EXERCISE INSTRUCTIONS:
Please set down each record exactly as it appears, but leave out any pictures.

ENTRIES SHOWN:
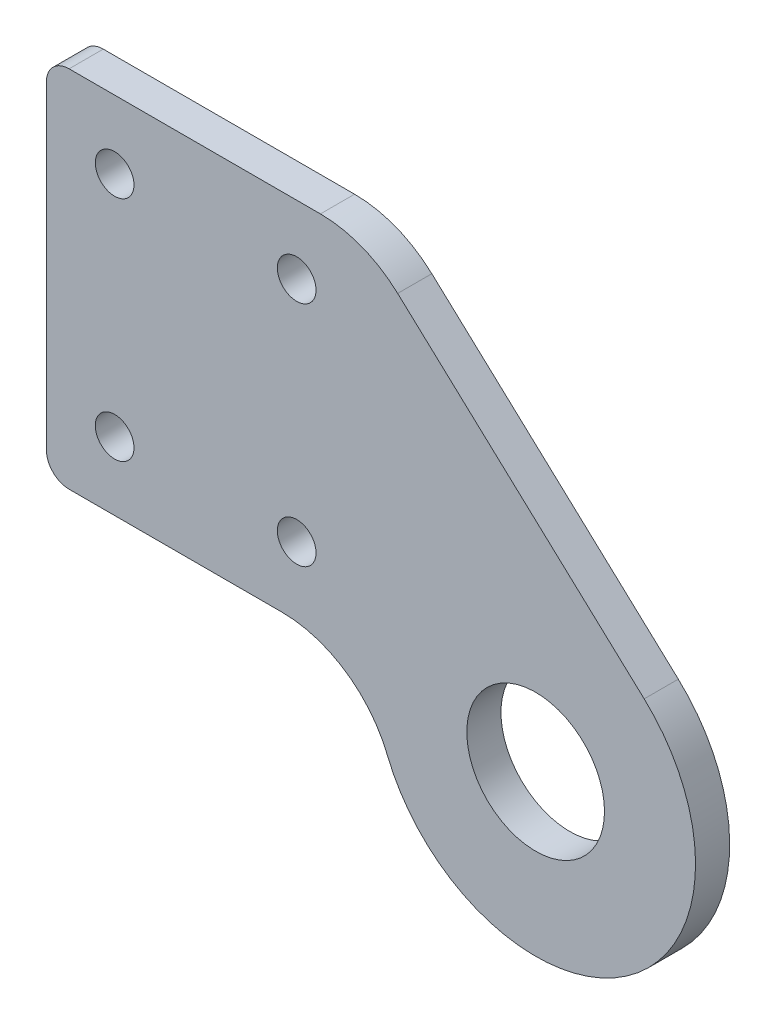
from build123d import *

# Parameters (mm, degrees)
ESQUISSE1_R        = 3.025
ESQUISSE1_R_2      = 0.85
BOSS_EXTRU_1_DEPTH = 0.75
CONG_1_R           = 5
CONG_2_R           = 1


with BuildPart() as part:
    # Esquisse1 → Boss.-Extru.1 (new body, symmetric)
    with BuildSketch(Plane.XY):
        with BuildLine():
            Line((-7.5, 16.5), (4.768672746, 5.158525491))
            ThreePointArc((4.768672746, 5.158525491), (2.584220944, -6.532413575), (-7.007183814, 0.5))
            Line((-7.007183814, 0.5), (-7.5, 0.5))
            Line((-7.5, 0.5), (-21.5, 0.5))
            Line((-21.5, 0.5), (-21.5, 16.5))
            Line((-21.5, 16.5), (-7.5, 16.5))
        make_face()
        Circle(ESQUISSE1_R, mode=Mode.SUBTRACT)
        with Locations((-18.5, 13.5)):
            Circle(ESQUISSE1_R_2, mode=Mode.SUBTRACT)
        with Locations((-10.5, 13.5)):
            Circle(ESQUISSE1_R_2, mode=Mode.SUBTRACT)
        with Locations((-10.5, 3.5)):
            Circle(ESQUISSE1_R_2, mode=Mode.SUBTRACT)
        with Locations((-18.5, 3.5)):
            Circle(ESQUISSE1_R_2, mode=Mode.SUBTRACT)
    extrude(amount=BOSS_EXTRU_1_DEPTH, both=True)

    # Congé1
    cong_1_edges = [part.edges().sort_by_distance(p)[0] for p in [
        (-7.5, 16.5, 0),
        (-7.007183814, 0.5, 0),
    ]]
    fillet(cong_1_edges, radius=CONG_1_R)

    # Congé2
    cong_2_edges = [part.edges().sort_by_distance(p)[0] for p in [
        (-21.5, 16.5, 0),
        (-21.5, 0.5, 0),
    ]]
    fillet(cong_2_edges, radius=CONG_2_R)


solid = part.part

WRITTEN REPLY:
from build123d import *

# Parameters (mm, degrees)
ESQUISSE1_R        = 3.025
ESQUISSE1_R_2      = 0.85
BOSS_EXTRU_1_DEPTH = 0.75
CONG_1_R           = 5
CONG_2_R           = 1


with BuildPart() as part:
    # Esquisse1 → Boss.-Extru.1 (new body, symmetric)
    with BuildSketch(Plane.XY):
        with BuildLine():
            Line((-7.5, 16.5), (4.768672746, 5.158525491))
            ThreePointArc((4.768672746, 5.158525491), (2.584220944, -6.532413575), (-7.007183814, 0.5))
            Line((-7.007183814, 0.5), (-7.5, 0.5))
            Line((-7.5, 0.5), (-21.5, 0.5))
            Line((-21.5, 0.5), (-21.5, 16.5))
            Line((-21.5, 16.5), (-7.5, 16.5))
        make_face()
        Circle(ESQUISSE1_R, mode=Mode.SUBTRACT)
        with Locations((-18.5, 13.5)):
            Circle(ESQUISSE1_R_2, mode=Mode.SUBTRACT)
        with Locations((-10.5, 13.5)):
            Circle(ESQUISSE1_R_2, mode=Mode.SUBTRACT)
        with Locations((-10.5, 3.5)):
            Circle(ESQUISSE1_R_2, mode=Mode.SUBTRACT)
        with Locations((-18.5, 3.5)):
            Circle(ESQUISSE1_R_2, mode=Mode.SUBTRACT)
    extrude(amount=BOSS_EXTRU_1_DEPTH, both=True)

    # Congé1
    cong_1_edges = [part.edges().sort_by_distance(p)[0] for p in [
        (-7.5, 16.5, 0),
        (-7.007183814, 0.5, 0),
    ]]
    fillet(cong_1_edges, radius=CONG_1_R)

    # Congé2
    cong_2_edges = [part.edges().sort_by_distance(p)[0] for p in [
        (-21.5, 16.5, 0),
        (-21.5, 0.5, 0),
    ]]
    fillet(cong_2_edges, radius=CONG_2_R)


solid = part.part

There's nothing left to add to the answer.